- Born: Missouri
- Known for: Political advisor to George W. Bush and Donald Trump

= David Banks (climate adviser) =

American political advisor

George "David" Banks is an American political advisor who served in the administrations of US Presidents George W. Bush and Donald Trump, advising on energy policy and climate change. He was the executive vice president of the American Council for Capital Formation, a pro-business think tank.

==Career==
Banks was born in Southern Missouri, United States. He received BA degrees in history, economics, and political science and an MA in economics from the University of Missouri at St. Louis. He later graduated with a JD from George Mason University.

Before his position at ACCF, Banks was a senior adviser to President George W. Bush on international climate change. For his work on Montreal Protocol issues in the Bush White House, Banks was honored by the Obama Administration in 2009.

In 2011–2012, he served as Republican deputy staff director of the U.S. Senate Environment and Public Works Committee. He was also a deputy director of the nuclear energy program at the Center for Strategic and International Studies, U.S. State Department diplomat, and CIA analyst.

In 2017, Banks became Special Assistant for International Energy and Environment at the National Economic and National Security Councils in the administration of President Donald Trump, a post he held until February 2018. He resigned after failing to qualify for security clearance due to admitting that he had smoked marijuana in 2013. His departure came during several other departures of Trump administration officials for failing to achieve full security clearances. He then resumed his role with the ACCF.

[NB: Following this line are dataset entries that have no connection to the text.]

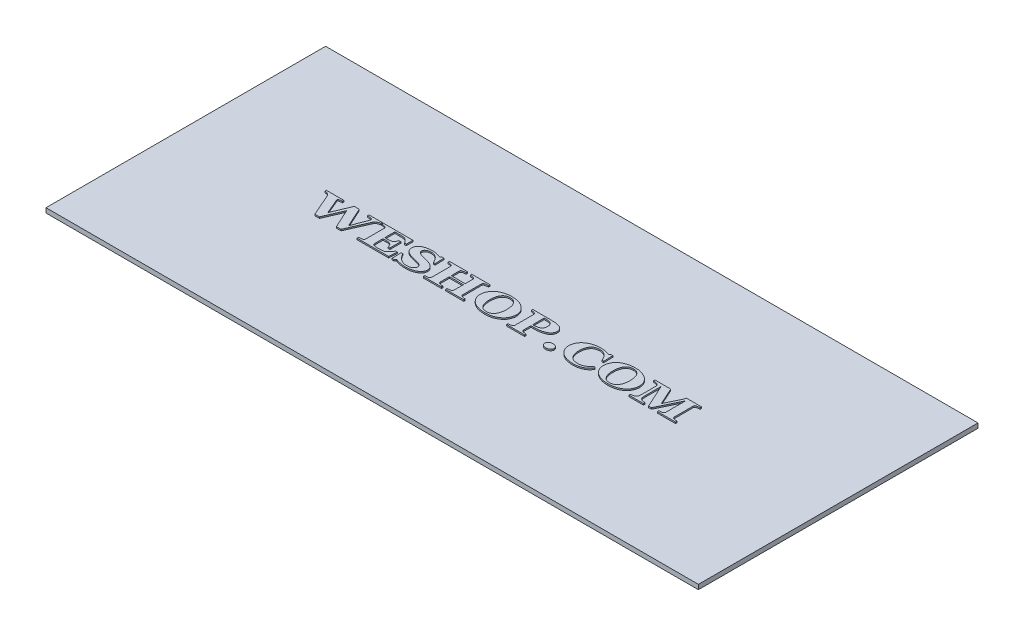
from build123d import *

# Parameters (mm, degrees)
SKETCH1_W           = 280
SKETCH1_H           = 120
BOSS_EXTRUDE1_DEPTH = 2
BOSS_EXTRUDE2_DEPTH = 0.6


with BuildPart() as part:
    # Sketch1 → Boss-Extrude1 (new body)
    with BuildSketch(Plane(origin=(0, 0, 0), x_dir=(1, 0, 0), z_dir=(0, 1, 0))):
        with Locations((140, -60)):
            Rectangle(SKETCH1_W, SKETCH1_H)
    extrude(amount=BOSS_EXTRUDE1_DEPTH)

    # Sketch2 → Boss-Extrude2 (add)
    # profile 1 of 10: a face of its own
    with BuildSketch(Plane(origin=(0, 2, 0), x_dir=(1, 0, 0), z_dir=(0, 1, 0))):
        with BuildLine():
            add(Edge.make_bspline(
                [(78.296345807, -54.573542626), (78.19170189, -54.583676123), (77.980579957, -54.604120726), (77.668920527, -54.677623876), (77.359581801, -54.773191934), (77.158089668, -54.853137048), (77.056621091, -54.893396272)],
                knots=[0, 0, 0, 0, 0.980207013, 1.977594164, 2.981545138, 4, 4, 4, 4], degree=3))
            add(Edge.make_bspline(
                [(77.056621091, -54.893396272), (76.984359369, -54.927926602), (76.847755627, -54.993202825), (76.663779532, -55.105272574), (76.51305197, -55.222978934), (76.356052923, -55.391506062), (76.196464255, -55.634099964), (76.09314004, -55.843175545), (76.038692699, -55.953349231)],
                knots=[0, 0, 0, 0, 0.953348986, 1.802213318, 2.560702209, 3.222929308, 4.536605213, 6, 6, 6, 6], degree=3))
            add(Edge.make_bspline(
                [(76.038692699, -55.953349231), (75.989723967, -56.060772137), (75.884707059, -56.291148155), (75.715505312, -56.658836058), (75.53384484, -57.074800246), (75.325517842, -57.531984178), (75.105673984, -58.037836914), (74.861690724, -58.586846817), (74.604006687, -59.183519282), (74.227320375, -60.040101273), (73.742001268, -61.153884631), (73.149788445, -62.519493643), (72.539826171, -63.90813351), (72.131029765, -64.843811427), (71.924954563, -65.315488802)],
                knots=[0, 0, 0, 0, 0.41560898, 0.891302853, 1.424835623, 2.013450459, 2.659925582, 3.366484378, 4.128418168, 4.947923124, 6.660664128, 8.405410429, 10.187959188, 12, 12, 12, 12], degree=3))
            Line((71.924954563, -65.315488802), (69.942795836, -65.315488802))
            Line((69.942795836, -65.315488802), (66.197940008, -57.146379985))
            Line((66.197940008, -57.146379985), (62.688888693, -65.315488802))
            Line((62.688888693, -65.315488802), (60.683382984, -65.315488802))
            add(Edge.make_bspline(
                [(60.683382984, -65.315488802), (60.547103242, -65.004234595), (60.282783017, -64.400544122), (59.899712077, -63.521658351), (59.540767966, -62.698025978), (59.20424388, -61.930394103), (58.893039784, -61.217830252), (58.609081088, -60.559506591), (58.347762022, -59.957081029), (58.10616264, -59.405362117), (57.884706489, -58.890464729), (57.675053737, -58.401972974), (57.471361843, -57.935618411), (57.277923163, -57.489543178), (57.092508596, -57.064271493), (56.919240754, -56.658455659), (56.74995085, -56.275643902), (56.64117349, -56.027311273), (56.588322434, -55.906655268)],
                knots=[0, 0, 0, 0, 1.5894048, 3.08271668, 4.484728808, 5.792105468, 7.003389139, 8.121922626, 9.145816145, 10.075071623, 10.939303108, 11.767683496, 12.561658084, 13.319780439, 14.042050678, 14.731810454, 15.383831737, 16, 16, 16, 16], degree=3))
            add(Edge.make_bspline(
                [(56.588322434, -55.906655268), (56.557006634, -55.838238037), (56.497616306, -55.708484948), (56.392020025, -55.53468263), (56.280881393, -55.389227578), (56.112068283, -55.234792858), (55.864945811, -55.060924134), (55.648073676, -54.943134767), (55.530704173, -54.879388084)],
                knots=[0, 0, 0, 0, 0.894735225, 1.696862872, 2.415752849, 3.064392373, 4.411272116, 6, 6, 6, 6], degree=3))
            add(Edge.make_bspline(
                [(55.530704173, -54.879388084), (55.437708308, -54.83431831), (55.251198931, -54.743927889), (54.942181253, -54.661303539), (54.605025275, -54.596642434), (54.366750695, -54.570922797), (54.239616098, -54.557199739)],
                knots=[0, 0, 0, 0, 0.924125451, 1.853394886, 2.854650058, 4, 4, 4, 4], degree=3))
            Line((54.239616098, -54.557199739), (54.239616098, -53.959517014))
            Line((54.239616098, -53.959517014), (61.860070851, -53.959517014))
            Line((61.860070851, -53.959517014), (61.860070851, -54.540856852))
            add(Edge.make_bspline(
                [(61.860070851, -54.540856852), (61.754236572, -54.551770461), (61.556505534, -54.572160444), (61.281297608, -54.600264376), (61.049654745, -54.634070659), (60.809372465, -54.672010722), (60.568845176, -54.718246513), (60.395176508, -54.768622433), (60.319170073, -54.790669554)],
                knots=[0, 0, 0, 0, 1.224859254, 2.288414434, 3.184177491, 3.919141096, 5.089308011, 6, 6, 6, 6], degree=3))
            add(Edge.make_bspline(
                [(60.319170073, -54.790669554), (60.268603823, -54.809973602), (60.185520938, -54.841691121), (60.095192488, -54.916068732), (60.061951348, -54.992095802), (60.057435605, -55.037966201), (60.055349183, -55.059159841)],
                knots=[0, 0, 0, 0, 1.603309103, 2.634317285, 3.369009448, 4, 4, 4, 4], degree=3))
            add(Edge.make_bspline(
                [(60.055349183, -55.059159841), (60.05724025, -55.095905159), (60.061027479, -55.169494749), (60.089419338, -55.279387792), (60.130958557, -55.393764719), (60.154688036, -55.475343061), (60.167414694, -55.519095376)],
                knots=[0, 0, 0, 0, 0.926777371, 1.856050556, 2.850151293, 4, 4, 4, 4], degree=3))
            add(Edge.make_bspline(
                [(60.167414694, -55.519095376), (60.189016425, -55.575202941), (60.236581041, -55.698745581), (60.319243819, -55.89994482), (60.417045347, -56.134752411), (60.529699371, -56.403776824), (60.655169435, -56.707864504), (60.797960246, -57.045135132), (60.953576208, -57.41702524), (61.127112072, -57.819161858), (61.310059615, -58.252495038), (61.506385015, -58.71123142), (61.712222319, -59.196238323), (61.928855865, -59.70585991), (62.155814134, -60.24218345), (62.393483861, -60.803158688), (62.640967741, -61.390272797), (62.810217066, -61.789348483), (62.896676828, -61.993213338)],
                knots=[0, 0, 0, 0, 0.410730394, 0.904382799, 1.485948501, 2.148491668, 2.896920366, 3.73328361, 4.650626823, 5.651029244, 6.725437531, 7.864068872, 9.059949004, 10.324944596, 11.647190671, 13.038552756, 14.487166633, 16, 16, 16, 16], degree=3))
            Line((62.896676828, -61.993213338), (66.260976858, -53.959517014))
            Line((66.260976858, -53.959517014), (68.399560361, -53.959517014))
            Line((68.399560361, -53.959517014), (72.209787737, -62.366765042))
            add(Edge.make_bspline(
                [(72.209787737, -62.366765042), (72.277439299, -62.201757253), (72.409562947, -61.879496677), (72.603782994, -61.408386681), (72.785958132, -60.960146206), (72.95606346, -60.534785074), (73.116999757, -60.133154755), (73.269858197, -59.754902589), (73.408930029, -59.398843048), (73.577647955, -58.96297059), (73.772710307, -58.455455985), (73.992668023, -57.88286683), (74.193163114, -57.356962452), (74.318946173, -57.021140277), (74.378722316, -56.861546811)],
                knots=[0, 0, 0, 0, 1.08496482, 2.118938687, 3.100130043, 4.028556175, 4.905989251, 5.732429276, 6.510531208, 7.231511265, 8.575909329, 9.818330675, 10.963200782, 12, 12, 12, 12], degree=3))
            add(Edge.make_bspline(
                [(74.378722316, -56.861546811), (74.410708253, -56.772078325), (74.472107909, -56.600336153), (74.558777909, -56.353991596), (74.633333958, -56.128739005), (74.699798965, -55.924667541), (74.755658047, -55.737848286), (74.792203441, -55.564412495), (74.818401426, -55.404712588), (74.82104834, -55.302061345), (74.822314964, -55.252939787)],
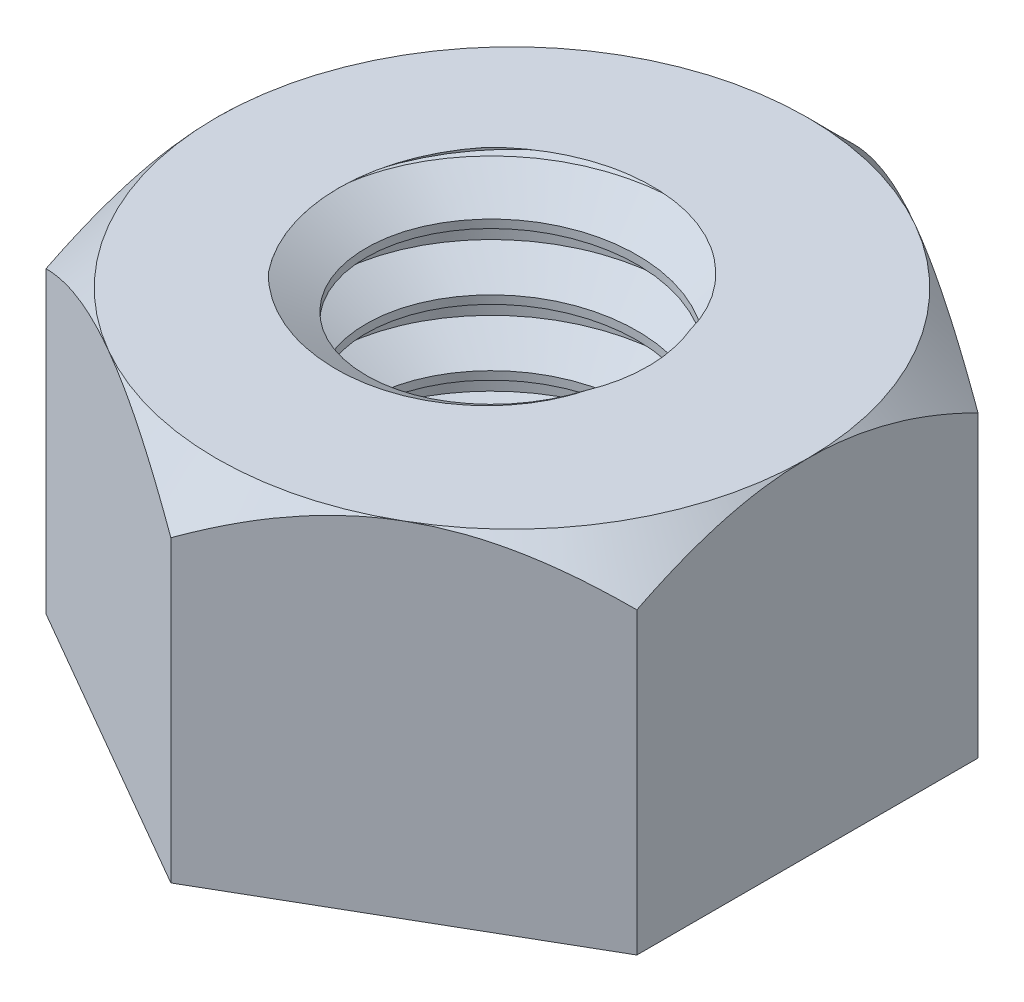
from build123d import *

# Parameters (mm, degrees)
EXTRUDE1_DEPTH     = 8.334375
SKETCH6_2_R        = 4.191
CUT_EXTRUDE1_DEPTH = 14.730957339
SWEEP3_PITCH       = 1.5875
CUT_EXTRUDE2_DEPTH = 2.54
SKETCH12_R         = 5.103852455
CUT_EXTRUDE3_DEPTH = 14.730957512


with BuildPart() as part:
    # Sketch1 → Extrude1 (new body)
    with BuildSketch(Plane(origin=(0, 0, 0), x_dir=(1, 0, 0), z_dir=(0, 1, 0))):
        Polygon((0, 8.248891971), (-7.14375, 4.124445986), (-7.14375, -4.124445986), (0, -8.248891971), (7.14375, -4.124445986), (7.14375, 4.124445986), align=None)
    extrude(amount=EXTRUDE1_DEPTH)

    # Sketch3 → Cut-Revolve2 (revolve, cut)
    with BuildSketch(Plane(origin=(0, 0, 0), x_dir=(0, 0, -1), z_dir=(1, 0, 0))):
        Polygon((7.14375, 8.334375), (8.248891971, 7.229233029), (8.248891971, 8.334375), align=None)
    revolve(axis=Axis((0, 0.541995889, 0), (0, -1, 0)), mode=Mode.SUBTRACT)

    # Sketch2 → Cut-Revolve1 (revolve, cut)
    with BuildSketch(Plane.XY, mode=Mode.PRIVATE) as cut_revolve1_sk:
        Polygon((0, 8.334375), (4.18966028, 8.334375), (4.7625, 8.003645833), (4.7625, 7.871354167), (4.18966028, 7.540625), (4.18966028, 7.276041667), (0, 7.276041667), align=None)
    revolve(cut_revolve1_sk.sketch.rotate(Axis((0, 1.663578541, 0), (0, -1, 0)), 90), axis=Axis((0, 1.663578541, 0), (0, -1, 0)), mode=Mode.SUBTRACT)

    # Sketch6<2> → Cut-Extrude1 (cut, through all)
    with BuildSketch(Plane(origin=(0, 0, 0), x_dir=(1, 0, 0), z_dir=(0, 1, 0))):
        with Locations(Location((0, 0, 0), (0, 0, 270))):
            Circle(SKETCH6_2_R)
    extrude(amount=CUT_EXTRUDE1_DEPTH, mode=Mode.SUBTRACT)

    # Sweep3: arcs per turn and ends read off the stored shape
    # Sweep3: the profile of Sketch11 screwed along a right-hand helix through 8 turns, 8 arcs to a turn; built about Z, then put on its axis
    sweep3_z = Axis((0, 0, 0), (0, 0, 1))
    sweep3_corners = [(3.286660548, 0, -1.09140625), (3.286660548, 0, -1.28984375), (4.317772045, 0, -1.88515625), (4.317772045, 0, -0.49609375)]
    with BuildLine(mode=Mode.PRIVATE) as sweep3_profile:
        Line(sweep3_corners[0], sweep3_corners[1])
        Line(sweep3_corners[1], sweep3_corners[2])
        Line(sweep3_corners[2], sweep3_corners[3])
        Line(sweep3_corners[3], sweep3_corners[0])
    sweep3_cap = Face(sweep3_profile.wire())
    sweep3_turn_angles = [0, 22.5, 45, 67.5, 90, 112.5, 135, 157.5, 180, 202.5, 225, 247.5, 270, 292.5, 315, 337.5, 360]
    sweep3_turn_weights = [1, 0.9238795325112867, 1, 0.9238795325112867, 1, 0.9238795325112867, 1, 0.9238795325112867, 1, 0.9238795325112867, 1, 0.9238795325112867, 1, 0.9238795325112867, 1, 0.9238795325112867, 1]
    sweep3_turn_rails = [Edge.make_bspline([Vector(p[0], p[1], 0).rotate(sweep3_z, sweep3_turn_angles[k]) / sweep3_turn_weights[k] + Vector(0, 0, p[2] + SWEEP3_PITCH * sweep3_turn_angles[k] / 360) for k in range(17)], [0, 0, 0, 1, 1, 2, 2, 3, 3, 4, 4, 5, 5, 6, 6, 7, 7, 8, 8, 8], 2, sweep3_turn_weights) for p in sweep3_corners]
    sweep3_turn_sides = [Face.make_surface_from_curves(sweep3_turn_rails[p[0]], sweep3_turn_rails[p[1]]) for p in [(0, 1), (1, 2), (2, 3), (3, 0)]]
    sweep3 = Plane(origin=(0, 0, 0), x_dir=(1, 0, 0), z_dir=(0, 1, 0)) * Solid(Shell([*[p.moved(Location((0, 0, SWEEP3_PITCH * i))) for i in range(8) for p in sweep3_turn_sides], sweep3_cap, sweep3_cap.rotate(sweep3_z, 2880).moved(Location((0, 0, SWEEP3_PITCH * 2880 / 360)))]))
    add(sweep3)

    # Sketch1<2> → Cut-Extrude2 (cut)
    with BuildSketch(Plane(origin=(0, 0, 0), x_dir=(1, 0, 0), z_dir=(0, 1, 0))):
        Polygon((0, 8.248891971), (-7.14375, 4.124445986), (-7.14375, -4.124445986), (0, -8.248891971), (7.14375, -4.124445986), (7.14375, 4.124445986), align=None)
    extrude(amount=-CUT_EXTRUDE2_DEPTH, mode=Mode.SUBTRACT)

    # Sketch12 → Cut-Extrude3 (cut, through all)
    with BuildSketch(Plane(origin=(0, 8.334375, 0), x_dir=(1, 0, 0), z_dir=(0, 1, 0))):
        Circle(SKETCH12_R)
    extrude(amount=CUT_EXTRUDE3_DEPTH, mode=Mode.SUBTRACT)


solid = part.part

In April 2018, Banks was named a research fellow at Columbia University, specializing in nuclear power.

==Positions on energy policy==
Banks has been a strong advocate for energy free trade and constructive U.S. engagement with China. "China-bashing in the context of U.S. energy policymaking will only cause Beijing to become more stubborn in the South China Sea and more aggressive in locking up energy supplies around the globe,” he wrote in November 2015. He was also critical of the Renewable Fuel Standard (RFS), writing in The Washington Times in February 2016 that "The RFS has plagued the country for years by jacking up food and fuel costs. What’s more, it’s outdated and offers zero environmental benefits. Congress should nix this standard before it wreaks more havoc on the country."

In November 2017, Banks attended the 2017 United Nations Climate Change Conference. He has spoken in support of the Paris climate agreement, calling it "a good Republican agreement". He has also spoken in favor of the Kigali Amendment to the Montreal Protocol's potential to create American jobs.